_Prompt_
From the entries, return every line where the string "Constant" shows up.
Records for the exercise section start
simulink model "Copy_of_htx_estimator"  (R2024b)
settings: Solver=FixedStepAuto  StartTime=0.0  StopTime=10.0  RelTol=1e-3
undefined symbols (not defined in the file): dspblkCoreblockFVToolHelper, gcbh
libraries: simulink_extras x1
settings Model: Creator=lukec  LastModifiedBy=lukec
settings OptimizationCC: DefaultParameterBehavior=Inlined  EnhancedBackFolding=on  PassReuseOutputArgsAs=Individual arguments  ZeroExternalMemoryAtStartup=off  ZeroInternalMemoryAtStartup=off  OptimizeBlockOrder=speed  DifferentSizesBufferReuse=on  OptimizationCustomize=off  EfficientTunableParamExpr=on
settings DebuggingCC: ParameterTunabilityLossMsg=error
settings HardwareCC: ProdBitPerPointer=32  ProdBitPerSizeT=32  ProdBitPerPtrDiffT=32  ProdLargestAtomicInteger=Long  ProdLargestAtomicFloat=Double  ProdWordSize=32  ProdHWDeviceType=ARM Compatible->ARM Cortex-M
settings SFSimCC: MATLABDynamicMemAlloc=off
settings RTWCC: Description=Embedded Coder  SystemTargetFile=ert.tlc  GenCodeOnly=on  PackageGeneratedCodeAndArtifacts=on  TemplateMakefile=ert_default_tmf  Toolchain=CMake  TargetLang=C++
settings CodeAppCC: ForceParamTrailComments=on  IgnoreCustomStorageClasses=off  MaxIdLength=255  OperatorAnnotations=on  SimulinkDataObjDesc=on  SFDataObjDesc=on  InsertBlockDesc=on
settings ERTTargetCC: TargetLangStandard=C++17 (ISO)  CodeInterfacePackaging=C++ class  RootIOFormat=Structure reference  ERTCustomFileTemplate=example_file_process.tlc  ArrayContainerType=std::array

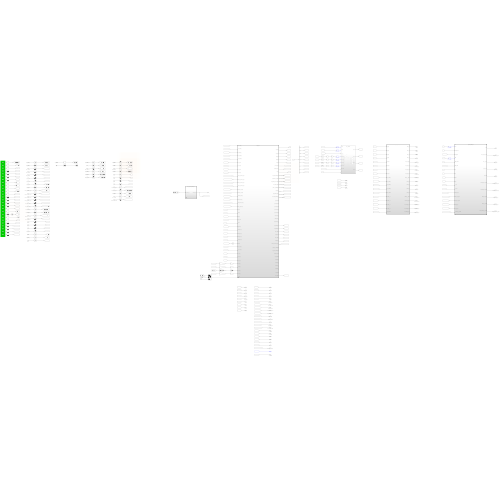
[thumbnail: Simulink's stored preview of the top-level diagram]
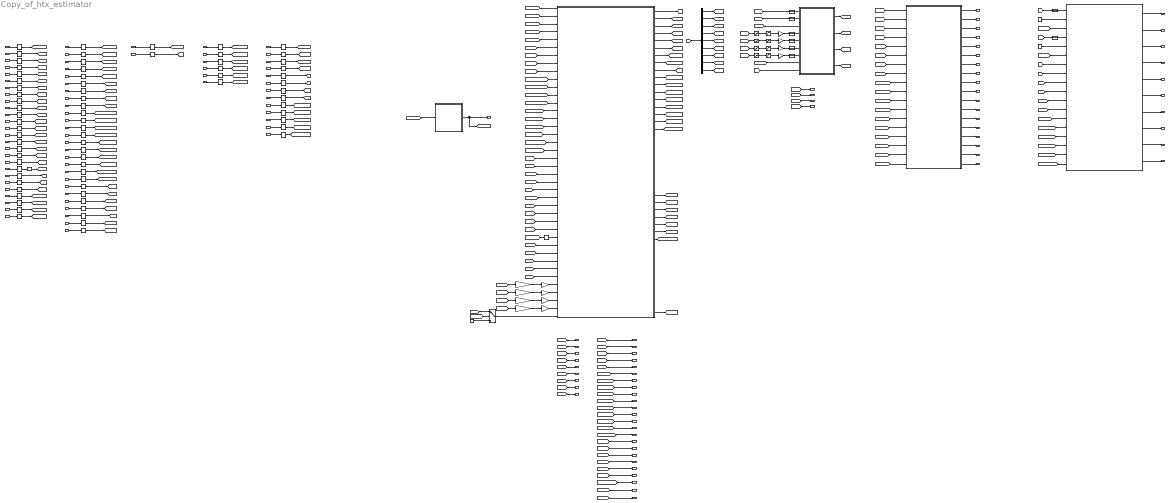
== system Copy_of_htx_estimator ==
  note: non-param-inputs
  steer_sensor_raw : Inport
  ax_m_s2 : Inport  Port=2
  ay_m_s2 : Inport  Port=3
  loadcell_fl : Inport  Port=4
  loadcell_fr : Inport  Port=5
  loadcell_rl : Inport  Port=6
  loadcell_rr : Inport  Port=7
  torq_Nm_fl : Inport  Port=8
  torq_Nm_fr : Inport  Port=9
  torq_Nm_rl : Inport  Port=10
  torq_Nm_rr : Inport  Port=11
  motor_rpm_fl : Inport  Port=12
  motor_rpm_fr : Inport  Port=13
  motor_rpm_rl : Inport  Port=14
  motor_rpm_rr : Inport  Port=15
  vx_raw_m_s : Inport  Port=16
  vy_raw_m_s : Inport  Port=17
  ins_vel_u : Inport  Port=18
  ins_mode : Inport  Port=19
  accel : Inport  Port=20
  brake : Inport  Port=21
  wz_rad_s : Inport  Port=22
  motor_temp_C_fl : Inport  Port=23
  motor_temp_C_fr : Inport  Port=24
  motor_temp_C_rl : Inport  Port=25
  motor_temp_C_rr : Inport  Port=26
  proc_vx_std_m_s : Inport  Port=27
  proc_vy_std_m_s : Inport  Port=28
  proc_r_std_deg_s : Inport  Port=29
  proc_ax_std_m_s2 : Inport  Port=30
  proc_ay_std_m_s2 : Inport  Port=31
  proc_sr_fl_std : Inport  Port=32
  proc_sr_fr_std : Inport  Port=33
  proc_sr_rl_std : Inport  Port=34
  proc_sr_rr_std : Inport  Port=35
  meas_ins_vx_mode1_std_m_s : Inport  Port=36
  meas_ins_vy_mode1_std_m_s : Inport  Port=37
  meas_ins_vx_mode2_std_m_s : Inport  Port=38
  meas_ins_vy_mode2_std_m_s : Inport  Port=39
  meas_imu_ax_std_m_s2 : Inport  Port=40
  meas_imu_ay_std_m_s2 : Inport  Port=41
  meas_imu_r_std_deg_s : Inport  Port=42
  meas_wss_std_deg_s : Inport  Port=43
  meas_pseudo_vx_std_m_s : Inport  Port=44
  meas_vy_gate_std_m_s : Inport  Port=45
  chi_ins_vx : Inport  Port=46
  chi_ins_vy : Inport  Port=47
  chi_imu_r : Inport  Port=48
  chi_imu_accel : Inport  Port=49
  chi_wss : Inport  Port=50
  chi_pseudo_vx : Inport  Port=51
  fz_meas_alpha : Inport  Port=52
  m_kg : Inport  Port=53
  amk_eff_modifier_fl : Inport  Port=54
  amk_eff_modifier_fr : Inport  Port=55
  amk_eff_modifier_rl : Inport  Port=56
  amk_eff_modifier_rr : Inport  Port=57
  global_eff_modifier : Inport  Port=58
  brake_eff_modifier : Inport  Port=59
  accel_deadzone : Inport  Port=60
  accel_gamma : Inport  Port=61
  brake_deadzone : Inport  Port=62
  brake_gamma : Inport  Port=63
  a_off : Inport  Port=64
  a_on : Inport  Port=65
  b_start : Inport  Port=66
  b_full : Inport  Port=67
  drive_motor_torq_lim : Inport  Port=68
  regen_motor_torq_lim : Inport  Port=69
  motor_rpm_lim : Inport  Port=70
  elec_p_lim_kW : Inport  Port=71
  per_motor_elec_p_lim_kW : Inport  Port=72
  use_ins : Inport  Port=73
  1-D Lookup Table : Lookup_n-D  NumberOfTableDimensions=1  BreakpointsForDimension1=|  Table=|  ExtrapMethod=Clip  InternalRulePriority=Speed  RndMeth=Simplest
      BreakpointsForDimension1=|
      | [159
      | 845
      | 1004
      | 1093
      | 1233
      | 1645
      | 1875
      | 2150
      | 2260]
      Table=|
      | [0
      | 87.3
      | 107.7
      | 120.1
      | 139.7
      | 193.3
      | 230.4
      | 269.1
      | 282.5]
  1-D Lookup Table1 : Lookup_n-D  NumberOfTableDimensions=1  BreakpointsForDimension1=|  Table=|  ExtrapMethod=Clip  InternalRulePriority=Speed  RndMeth=Simplest
      BreakpointsForDimension1=|
      | [191
      | 984
      | 1101
      | 1186
      | 1323
      | 1730
      | 1962
      | 2150
      | 2350
      | ]
      Table=|
      | [0
      | 102.4
      | 116.4
      | 128.2
      | 148.6
      | 198.5
      | 236.2
      | 260.2
      | 289.2
      | ]
  1-D Lookup Table2 : Lookup_n-D  NumberOfTableDimensions=1  BreakpointsForDimension1=|  Table=|  ExtrapMethod=Clip  InternalRulePriority=Speed  RndMeth=Simplest
      BreakpointsForDimension1=|
      | [223
      | 1017
      | 1069
      | 1193
      | 1260
      | 1730
      | 1992
      | 2170
      | 2310
      | ]
      Table=|
      | [0
      | 112.9
      | 117.6
      | 135.2
      | 146.8
      | 213.3
      | 250.6
      | 276.9
      | 296.5
      | ]
  1-D Lookup Table3 : Lookup_n-D  NumberOfTableDimensions=1  BreakpointsForDimension1=|  Table=|  ExtrapMethod=Clip  InternalRulePriority=Speed  RndMeth=Simplest
      BreakpointsForDimension1=|
      | [219
      | 908
      | 1006
      | 1134
      | 1180
      | 1685
      | 1935
      | 2093
      | 2240
      | ]
      Table=|
      | [0
      | 98.9
      | 110.4
      | 128.8
      | 137.2
      | 209.7
      | 242.8
      | 268.2
      | 288.5
      | ]
  Constant : Constant  Value=0
  Constant1 : Constant  Value=0
  Constant2 : Constant  Value=0
  Degrees to Radians : simulink_extras/Transformations/Degrees to Radians
  Demux : Demux  Outputs=9
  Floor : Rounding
Records for the exercise section end
_Exercise result_
  Constant : Constant  Value=0
  Constant1 : Constant  Value=0
  Constant2 : Constant  Value=0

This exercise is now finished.